### DATASET CONTENT

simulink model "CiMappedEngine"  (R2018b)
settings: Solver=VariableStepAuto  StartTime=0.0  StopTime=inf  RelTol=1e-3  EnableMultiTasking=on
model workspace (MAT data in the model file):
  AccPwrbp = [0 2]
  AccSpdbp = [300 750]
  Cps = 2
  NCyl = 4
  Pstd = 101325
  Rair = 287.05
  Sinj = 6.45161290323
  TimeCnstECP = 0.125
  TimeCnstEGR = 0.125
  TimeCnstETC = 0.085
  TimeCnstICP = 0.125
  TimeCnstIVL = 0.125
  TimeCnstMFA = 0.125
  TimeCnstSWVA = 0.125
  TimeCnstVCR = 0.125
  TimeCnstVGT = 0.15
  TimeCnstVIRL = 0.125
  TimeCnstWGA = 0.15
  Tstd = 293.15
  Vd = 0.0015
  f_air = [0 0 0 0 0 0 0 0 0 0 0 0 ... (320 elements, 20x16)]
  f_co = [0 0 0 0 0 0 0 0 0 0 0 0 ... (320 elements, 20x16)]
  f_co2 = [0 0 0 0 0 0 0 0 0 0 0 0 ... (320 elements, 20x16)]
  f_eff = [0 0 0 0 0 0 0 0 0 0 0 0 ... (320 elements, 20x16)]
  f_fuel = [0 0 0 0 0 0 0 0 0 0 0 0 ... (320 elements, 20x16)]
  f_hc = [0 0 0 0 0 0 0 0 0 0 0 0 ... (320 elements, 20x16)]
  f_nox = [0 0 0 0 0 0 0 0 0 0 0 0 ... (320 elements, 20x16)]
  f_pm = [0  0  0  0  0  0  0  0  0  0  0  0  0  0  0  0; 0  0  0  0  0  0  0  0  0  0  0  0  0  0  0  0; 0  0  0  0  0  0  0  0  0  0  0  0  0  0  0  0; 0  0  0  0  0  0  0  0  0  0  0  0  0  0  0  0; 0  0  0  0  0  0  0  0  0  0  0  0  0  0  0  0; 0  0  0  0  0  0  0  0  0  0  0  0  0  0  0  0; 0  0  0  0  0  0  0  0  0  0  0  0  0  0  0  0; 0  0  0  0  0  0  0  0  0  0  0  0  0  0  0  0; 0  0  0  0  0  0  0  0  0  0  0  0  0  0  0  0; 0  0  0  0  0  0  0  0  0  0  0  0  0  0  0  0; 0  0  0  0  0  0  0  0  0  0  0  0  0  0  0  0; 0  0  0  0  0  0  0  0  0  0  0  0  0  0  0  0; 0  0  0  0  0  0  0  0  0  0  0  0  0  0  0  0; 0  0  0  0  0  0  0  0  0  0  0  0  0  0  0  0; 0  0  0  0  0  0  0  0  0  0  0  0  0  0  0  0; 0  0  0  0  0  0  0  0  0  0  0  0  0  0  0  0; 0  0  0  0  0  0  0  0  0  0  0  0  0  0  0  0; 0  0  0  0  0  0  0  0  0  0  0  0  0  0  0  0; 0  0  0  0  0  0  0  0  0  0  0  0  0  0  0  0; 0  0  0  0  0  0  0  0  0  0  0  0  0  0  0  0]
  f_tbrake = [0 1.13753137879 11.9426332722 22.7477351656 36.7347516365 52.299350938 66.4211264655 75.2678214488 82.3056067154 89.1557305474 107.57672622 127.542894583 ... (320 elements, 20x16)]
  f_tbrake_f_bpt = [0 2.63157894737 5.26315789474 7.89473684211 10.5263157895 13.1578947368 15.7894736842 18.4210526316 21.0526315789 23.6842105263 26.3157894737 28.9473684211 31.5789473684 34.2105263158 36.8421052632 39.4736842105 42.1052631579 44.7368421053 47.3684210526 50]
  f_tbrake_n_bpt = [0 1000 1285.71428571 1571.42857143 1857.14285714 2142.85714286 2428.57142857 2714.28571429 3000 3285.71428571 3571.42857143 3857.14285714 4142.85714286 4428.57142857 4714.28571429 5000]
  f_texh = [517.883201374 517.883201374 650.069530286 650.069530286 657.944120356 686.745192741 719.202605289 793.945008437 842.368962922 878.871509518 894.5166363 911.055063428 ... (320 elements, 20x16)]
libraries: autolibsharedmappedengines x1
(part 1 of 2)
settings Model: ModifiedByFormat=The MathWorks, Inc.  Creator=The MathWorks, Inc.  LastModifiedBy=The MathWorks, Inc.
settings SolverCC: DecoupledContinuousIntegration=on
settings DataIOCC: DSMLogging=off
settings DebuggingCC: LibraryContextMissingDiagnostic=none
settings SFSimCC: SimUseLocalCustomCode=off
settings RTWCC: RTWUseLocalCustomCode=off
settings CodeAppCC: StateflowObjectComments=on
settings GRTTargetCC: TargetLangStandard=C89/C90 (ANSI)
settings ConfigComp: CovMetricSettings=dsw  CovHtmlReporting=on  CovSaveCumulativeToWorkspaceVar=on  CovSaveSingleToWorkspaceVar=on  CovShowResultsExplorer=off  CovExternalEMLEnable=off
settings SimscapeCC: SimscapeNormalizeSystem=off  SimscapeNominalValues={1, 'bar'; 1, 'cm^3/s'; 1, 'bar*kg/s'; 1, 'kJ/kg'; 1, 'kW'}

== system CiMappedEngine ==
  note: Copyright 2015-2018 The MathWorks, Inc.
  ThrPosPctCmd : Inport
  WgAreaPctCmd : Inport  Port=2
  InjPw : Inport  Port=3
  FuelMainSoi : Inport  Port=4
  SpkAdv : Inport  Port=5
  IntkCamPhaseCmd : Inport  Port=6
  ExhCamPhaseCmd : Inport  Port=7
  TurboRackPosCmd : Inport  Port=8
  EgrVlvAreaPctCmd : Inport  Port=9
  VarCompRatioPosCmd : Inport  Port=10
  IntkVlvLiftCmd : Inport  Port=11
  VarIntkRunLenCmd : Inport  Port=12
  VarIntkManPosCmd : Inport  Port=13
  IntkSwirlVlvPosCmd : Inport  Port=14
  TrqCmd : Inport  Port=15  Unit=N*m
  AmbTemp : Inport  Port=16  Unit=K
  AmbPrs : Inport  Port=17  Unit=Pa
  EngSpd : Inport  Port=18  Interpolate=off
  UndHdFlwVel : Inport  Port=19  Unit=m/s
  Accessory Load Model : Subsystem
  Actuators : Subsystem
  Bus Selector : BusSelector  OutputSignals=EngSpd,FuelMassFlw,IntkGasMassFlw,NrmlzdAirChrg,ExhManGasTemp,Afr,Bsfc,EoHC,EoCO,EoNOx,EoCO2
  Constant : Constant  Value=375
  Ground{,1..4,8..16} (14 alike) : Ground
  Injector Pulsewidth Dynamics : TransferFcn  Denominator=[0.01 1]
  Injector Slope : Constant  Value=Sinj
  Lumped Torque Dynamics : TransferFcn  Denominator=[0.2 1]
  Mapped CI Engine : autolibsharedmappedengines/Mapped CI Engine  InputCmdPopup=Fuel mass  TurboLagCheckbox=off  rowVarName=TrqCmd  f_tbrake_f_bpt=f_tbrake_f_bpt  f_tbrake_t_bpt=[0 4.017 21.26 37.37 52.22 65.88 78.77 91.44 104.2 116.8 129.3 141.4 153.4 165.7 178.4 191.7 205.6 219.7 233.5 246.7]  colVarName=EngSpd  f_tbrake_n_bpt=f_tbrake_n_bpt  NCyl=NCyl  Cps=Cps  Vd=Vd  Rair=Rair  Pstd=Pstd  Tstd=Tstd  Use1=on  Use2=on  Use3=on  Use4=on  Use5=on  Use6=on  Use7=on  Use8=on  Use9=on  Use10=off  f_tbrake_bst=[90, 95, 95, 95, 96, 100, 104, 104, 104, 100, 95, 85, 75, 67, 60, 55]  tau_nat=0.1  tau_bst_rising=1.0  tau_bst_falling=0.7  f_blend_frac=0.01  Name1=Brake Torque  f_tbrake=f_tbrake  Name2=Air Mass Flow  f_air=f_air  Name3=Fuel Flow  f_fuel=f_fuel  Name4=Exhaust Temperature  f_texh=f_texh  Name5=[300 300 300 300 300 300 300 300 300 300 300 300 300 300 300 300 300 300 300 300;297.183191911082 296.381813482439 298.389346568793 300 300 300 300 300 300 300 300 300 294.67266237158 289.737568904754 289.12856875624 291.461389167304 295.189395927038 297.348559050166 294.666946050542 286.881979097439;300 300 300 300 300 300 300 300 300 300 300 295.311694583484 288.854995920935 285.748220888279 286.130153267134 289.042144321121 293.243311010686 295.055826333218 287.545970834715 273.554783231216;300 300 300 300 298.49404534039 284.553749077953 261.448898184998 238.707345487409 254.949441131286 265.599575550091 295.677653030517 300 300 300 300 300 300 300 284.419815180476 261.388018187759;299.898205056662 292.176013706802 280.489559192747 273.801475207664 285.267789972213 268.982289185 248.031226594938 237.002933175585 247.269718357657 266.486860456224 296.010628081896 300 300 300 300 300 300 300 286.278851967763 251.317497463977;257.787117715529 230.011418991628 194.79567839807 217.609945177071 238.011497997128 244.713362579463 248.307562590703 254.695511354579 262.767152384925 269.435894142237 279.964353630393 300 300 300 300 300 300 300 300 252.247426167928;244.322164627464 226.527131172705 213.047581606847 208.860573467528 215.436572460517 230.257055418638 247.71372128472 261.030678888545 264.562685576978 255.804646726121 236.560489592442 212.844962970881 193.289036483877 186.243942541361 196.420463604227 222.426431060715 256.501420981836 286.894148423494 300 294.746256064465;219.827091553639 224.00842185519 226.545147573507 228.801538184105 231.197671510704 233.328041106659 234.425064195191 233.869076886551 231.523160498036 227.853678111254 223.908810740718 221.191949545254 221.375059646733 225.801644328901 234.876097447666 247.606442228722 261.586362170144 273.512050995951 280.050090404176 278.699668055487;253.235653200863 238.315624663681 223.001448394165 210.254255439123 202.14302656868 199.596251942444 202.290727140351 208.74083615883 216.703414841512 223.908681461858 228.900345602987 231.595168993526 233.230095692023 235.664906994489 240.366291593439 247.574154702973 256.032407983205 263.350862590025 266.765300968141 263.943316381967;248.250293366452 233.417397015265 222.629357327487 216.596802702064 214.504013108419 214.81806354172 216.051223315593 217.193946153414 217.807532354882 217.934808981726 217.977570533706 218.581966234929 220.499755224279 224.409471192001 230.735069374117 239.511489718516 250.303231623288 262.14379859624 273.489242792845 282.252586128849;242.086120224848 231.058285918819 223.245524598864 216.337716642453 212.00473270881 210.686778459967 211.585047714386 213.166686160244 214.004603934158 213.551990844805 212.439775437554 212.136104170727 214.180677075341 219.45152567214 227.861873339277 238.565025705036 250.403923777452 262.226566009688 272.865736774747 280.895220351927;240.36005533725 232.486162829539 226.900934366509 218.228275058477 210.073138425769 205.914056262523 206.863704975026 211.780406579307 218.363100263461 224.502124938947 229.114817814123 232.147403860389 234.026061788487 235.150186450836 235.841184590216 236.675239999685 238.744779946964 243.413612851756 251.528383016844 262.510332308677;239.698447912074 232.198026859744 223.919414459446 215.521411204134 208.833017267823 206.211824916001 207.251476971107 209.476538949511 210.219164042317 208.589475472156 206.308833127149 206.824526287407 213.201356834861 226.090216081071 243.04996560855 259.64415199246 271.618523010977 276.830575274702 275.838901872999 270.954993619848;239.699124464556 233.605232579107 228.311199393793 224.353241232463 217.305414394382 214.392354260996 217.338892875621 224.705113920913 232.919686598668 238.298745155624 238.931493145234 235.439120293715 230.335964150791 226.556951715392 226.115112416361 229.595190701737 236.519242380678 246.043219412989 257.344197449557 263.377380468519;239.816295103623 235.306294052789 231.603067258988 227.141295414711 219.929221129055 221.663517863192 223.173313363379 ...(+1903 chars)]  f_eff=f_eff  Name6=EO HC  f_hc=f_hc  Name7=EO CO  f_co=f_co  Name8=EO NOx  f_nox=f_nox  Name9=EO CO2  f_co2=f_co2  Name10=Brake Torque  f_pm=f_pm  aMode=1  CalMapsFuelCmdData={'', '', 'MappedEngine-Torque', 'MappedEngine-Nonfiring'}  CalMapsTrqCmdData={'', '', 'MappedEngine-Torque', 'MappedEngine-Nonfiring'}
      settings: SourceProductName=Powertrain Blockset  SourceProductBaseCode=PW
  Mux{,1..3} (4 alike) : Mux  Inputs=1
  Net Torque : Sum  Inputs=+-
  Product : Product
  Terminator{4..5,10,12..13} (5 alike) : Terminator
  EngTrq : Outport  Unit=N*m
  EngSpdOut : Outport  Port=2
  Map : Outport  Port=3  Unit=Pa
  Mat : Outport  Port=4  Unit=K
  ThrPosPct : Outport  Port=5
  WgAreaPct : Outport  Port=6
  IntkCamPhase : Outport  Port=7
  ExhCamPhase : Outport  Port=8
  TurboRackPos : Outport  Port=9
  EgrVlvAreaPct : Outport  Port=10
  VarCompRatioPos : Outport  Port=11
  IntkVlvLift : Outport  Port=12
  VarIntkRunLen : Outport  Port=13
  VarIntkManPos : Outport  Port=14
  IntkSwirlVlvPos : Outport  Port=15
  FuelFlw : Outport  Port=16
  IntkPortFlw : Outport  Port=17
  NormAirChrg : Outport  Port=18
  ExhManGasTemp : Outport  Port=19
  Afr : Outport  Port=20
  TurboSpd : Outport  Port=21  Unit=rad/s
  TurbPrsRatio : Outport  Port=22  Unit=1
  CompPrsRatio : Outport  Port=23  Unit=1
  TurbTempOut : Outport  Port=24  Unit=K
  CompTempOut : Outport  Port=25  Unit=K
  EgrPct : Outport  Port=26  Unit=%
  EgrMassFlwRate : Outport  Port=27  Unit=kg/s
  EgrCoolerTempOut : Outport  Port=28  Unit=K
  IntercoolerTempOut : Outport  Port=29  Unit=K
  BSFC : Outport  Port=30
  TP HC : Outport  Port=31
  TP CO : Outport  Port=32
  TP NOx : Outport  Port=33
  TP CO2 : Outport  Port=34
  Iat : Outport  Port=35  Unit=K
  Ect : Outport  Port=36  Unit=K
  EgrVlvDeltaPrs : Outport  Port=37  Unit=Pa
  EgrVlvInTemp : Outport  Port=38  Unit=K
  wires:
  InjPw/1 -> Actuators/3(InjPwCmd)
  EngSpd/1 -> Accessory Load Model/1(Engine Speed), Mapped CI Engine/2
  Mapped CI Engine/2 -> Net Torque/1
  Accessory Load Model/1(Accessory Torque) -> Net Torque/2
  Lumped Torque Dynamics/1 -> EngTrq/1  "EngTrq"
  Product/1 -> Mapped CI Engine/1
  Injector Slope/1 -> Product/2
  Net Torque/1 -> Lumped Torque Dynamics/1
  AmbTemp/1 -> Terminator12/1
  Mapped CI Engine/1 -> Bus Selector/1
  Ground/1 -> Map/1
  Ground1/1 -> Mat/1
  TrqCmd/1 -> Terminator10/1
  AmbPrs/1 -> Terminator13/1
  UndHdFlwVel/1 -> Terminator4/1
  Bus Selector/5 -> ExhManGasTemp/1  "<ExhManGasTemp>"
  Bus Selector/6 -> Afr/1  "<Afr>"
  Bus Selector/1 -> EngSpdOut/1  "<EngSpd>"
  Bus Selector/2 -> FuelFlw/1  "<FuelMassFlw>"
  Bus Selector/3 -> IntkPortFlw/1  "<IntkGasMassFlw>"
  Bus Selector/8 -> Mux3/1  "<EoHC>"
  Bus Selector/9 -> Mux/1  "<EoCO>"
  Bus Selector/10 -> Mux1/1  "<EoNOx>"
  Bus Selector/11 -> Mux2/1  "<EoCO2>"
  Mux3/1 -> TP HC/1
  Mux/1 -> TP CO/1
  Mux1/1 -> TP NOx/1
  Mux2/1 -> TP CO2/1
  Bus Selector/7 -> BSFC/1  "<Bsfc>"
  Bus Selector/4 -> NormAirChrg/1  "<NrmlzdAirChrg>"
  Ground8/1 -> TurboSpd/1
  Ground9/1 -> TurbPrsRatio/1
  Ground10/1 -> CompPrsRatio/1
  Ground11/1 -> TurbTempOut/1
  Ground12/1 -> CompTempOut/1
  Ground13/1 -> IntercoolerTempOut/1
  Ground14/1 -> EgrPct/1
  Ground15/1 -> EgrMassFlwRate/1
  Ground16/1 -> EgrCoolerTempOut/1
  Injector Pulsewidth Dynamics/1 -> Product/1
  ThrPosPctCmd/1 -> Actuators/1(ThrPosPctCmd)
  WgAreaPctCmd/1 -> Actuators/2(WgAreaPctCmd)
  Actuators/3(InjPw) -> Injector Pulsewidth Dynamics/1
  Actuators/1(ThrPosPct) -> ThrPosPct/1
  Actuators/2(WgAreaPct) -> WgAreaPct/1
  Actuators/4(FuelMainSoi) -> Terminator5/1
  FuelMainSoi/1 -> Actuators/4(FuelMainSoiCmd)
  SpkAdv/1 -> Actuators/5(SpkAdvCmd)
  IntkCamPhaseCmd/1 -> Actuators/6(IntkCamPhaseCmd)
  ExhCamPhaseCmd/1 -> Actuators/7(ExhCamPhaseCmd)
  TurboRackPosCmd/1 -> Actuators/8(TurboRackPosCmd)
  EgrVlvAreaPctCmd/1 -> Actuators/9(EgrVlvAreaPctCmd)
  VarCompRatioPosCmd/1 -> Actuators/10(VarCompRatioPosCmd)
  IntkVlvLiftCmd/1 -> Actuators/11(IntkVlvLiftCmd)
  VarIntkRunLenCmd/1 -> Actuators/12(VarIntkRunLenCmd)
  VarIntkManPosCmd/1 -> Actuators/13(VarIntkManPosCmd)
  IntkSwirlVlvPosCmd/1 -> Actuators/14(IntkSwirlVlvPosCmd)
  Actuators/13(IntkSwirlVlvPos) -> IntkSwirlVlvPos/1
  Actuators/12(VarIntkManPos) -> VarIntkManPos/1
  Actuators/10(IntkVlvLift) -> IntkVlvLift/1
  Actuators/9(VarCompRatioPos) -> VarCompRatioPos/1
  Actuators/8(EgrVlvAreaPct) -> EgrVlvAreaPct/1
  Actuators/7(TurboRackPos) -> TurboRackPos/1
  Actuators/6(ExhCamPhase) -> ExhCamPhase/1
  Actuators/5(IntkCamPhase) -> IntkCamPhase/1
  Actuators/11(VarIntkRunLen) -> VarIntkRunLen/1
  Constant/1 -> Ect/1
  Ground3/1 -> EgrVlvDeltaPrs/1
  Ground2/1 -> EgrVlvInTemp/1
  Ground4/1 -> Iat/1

### WORK ORDER
Find every line in the records that contains the word "CompTempOut"; copy those lines.

### OUTPUT OF THE EXERCISE
  CompTempOut : Outport  Port=25  Unit=K
  Ground12/1 -> CompTempOut/1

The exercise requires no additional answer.